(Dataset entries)
◆ ◆ ◆

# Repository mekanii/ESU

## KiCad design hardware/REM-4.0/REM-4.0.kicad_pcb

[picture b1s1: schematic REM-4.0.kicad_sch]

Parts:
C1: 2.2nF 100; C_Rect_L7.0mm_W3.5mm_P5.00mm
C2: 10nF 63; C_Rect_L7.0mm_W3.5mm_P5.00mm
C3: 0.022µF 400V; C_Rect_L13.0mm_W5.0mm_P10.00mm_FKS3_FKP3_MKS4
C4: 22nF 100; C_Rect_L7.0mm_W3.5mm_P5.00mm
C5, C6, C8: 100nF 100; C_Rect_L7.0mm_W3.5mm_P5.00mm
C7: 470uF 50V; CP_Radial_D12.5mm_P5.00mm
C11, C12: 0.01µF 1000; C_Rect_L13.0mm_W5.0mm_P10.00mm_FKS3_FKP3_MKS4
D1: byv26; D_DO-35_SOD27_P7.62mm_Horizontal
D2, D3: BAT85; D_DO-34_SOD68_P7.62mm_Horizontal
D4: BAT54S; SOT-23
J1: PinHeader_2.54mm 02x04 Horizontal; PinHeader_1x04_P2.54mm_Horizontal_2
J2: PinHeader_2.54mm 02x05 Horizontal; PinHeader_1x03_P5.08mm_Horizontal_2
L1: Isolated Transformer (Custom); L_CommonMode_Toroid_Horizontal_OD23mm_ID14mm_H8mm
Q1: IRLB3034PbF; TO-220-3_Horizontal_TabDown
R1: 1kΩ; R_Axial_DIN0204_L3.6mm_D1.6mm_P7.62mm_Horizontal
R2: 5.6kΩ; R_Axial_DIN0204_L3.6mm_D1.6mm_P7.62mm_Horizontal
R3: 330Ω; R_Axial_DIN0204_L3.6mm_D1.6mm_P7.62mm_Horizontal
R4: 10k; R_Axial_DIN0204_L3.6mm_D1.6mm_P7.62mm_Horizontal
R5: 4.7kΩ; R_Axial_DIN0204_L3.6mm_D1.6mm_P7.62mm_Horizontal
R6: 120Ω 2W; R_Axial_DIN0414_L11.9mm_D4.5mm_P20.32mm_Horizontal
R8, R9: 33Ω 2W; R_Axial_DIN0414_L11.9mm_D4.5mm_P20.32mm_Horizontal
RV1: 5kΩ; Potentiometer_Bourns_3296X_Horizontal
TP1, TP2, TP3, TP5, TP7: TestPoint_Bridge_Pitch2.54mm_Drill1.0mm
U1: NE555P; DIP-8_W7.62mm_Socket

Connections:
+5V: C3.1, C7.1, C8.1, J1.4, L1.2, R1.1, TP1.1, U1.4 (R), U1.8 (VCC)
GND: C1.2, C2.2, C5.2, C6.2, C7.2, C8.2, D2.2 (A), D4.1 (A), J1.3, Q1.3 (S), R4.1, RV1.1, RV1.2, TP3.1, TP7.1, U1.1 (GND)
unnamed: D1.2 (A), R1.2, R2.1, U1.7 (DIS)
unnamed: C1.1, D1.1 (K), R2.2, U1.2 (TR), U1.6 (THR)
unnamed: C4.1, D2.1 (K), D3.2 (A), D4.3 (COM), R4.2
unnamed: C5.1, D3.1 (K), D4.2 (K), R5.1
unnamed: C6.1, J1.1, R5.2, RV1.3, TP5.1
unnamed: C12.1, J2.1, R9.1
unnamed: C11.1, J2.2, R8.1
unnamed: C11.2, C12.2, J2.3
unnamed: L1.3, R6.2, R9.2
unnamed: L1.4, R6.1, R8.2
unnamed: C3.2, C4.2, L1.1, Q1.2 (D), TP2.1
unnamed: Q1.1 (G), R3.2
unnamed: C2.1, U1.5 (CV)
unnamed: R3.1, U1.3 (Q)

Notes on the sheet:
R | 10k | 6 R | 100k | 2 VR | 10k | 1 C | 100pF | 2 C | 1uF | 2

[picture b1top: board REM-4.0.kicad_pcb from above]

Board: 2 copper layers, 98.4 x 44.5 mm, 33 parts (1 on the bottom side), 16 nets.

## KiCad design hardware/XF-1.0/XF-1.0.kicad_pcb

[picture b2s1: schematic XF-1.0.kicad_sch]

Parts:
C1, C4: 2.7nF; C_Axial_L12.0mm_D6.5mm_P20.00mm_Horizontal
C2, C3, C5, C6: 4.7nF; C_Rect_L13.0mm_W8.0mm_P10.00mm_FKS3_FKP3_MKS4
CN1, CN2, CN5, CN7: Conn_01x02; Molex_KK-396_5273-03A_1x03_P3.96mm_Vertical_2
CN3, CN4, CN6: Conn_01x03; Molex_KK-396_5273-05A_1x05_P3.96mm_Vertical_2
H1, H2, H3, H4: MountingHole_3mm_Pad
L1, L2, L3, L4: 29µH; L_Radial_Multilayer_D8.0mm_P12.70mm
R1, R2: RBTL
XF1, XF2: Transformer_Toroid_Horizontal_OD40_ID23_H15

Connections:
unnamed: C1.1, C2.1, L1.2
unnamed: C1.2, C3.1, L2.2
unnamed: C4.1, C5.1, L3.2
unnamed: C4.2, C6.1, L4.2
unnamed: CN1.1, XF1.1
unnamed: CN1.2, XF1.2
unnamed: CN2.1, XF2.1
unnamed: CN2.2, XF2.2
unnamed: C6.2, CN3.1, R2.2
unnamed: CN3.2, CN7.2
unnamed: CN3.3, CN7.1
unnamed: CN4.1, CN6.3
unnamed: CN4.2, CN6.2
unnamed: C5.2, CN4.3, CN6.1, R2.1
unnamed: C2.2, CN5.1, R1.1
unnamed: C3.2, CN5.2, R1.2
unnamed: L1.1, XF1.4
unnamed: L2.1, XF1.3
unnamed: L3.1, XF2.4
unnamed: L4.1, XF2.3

◆ ◆ ◆

→ GOAL OF THE EXERCISE
Go through the lines above and count those that include "design"; give the total and nothing more.

→ OUTPUT OF THE EXERCISE
2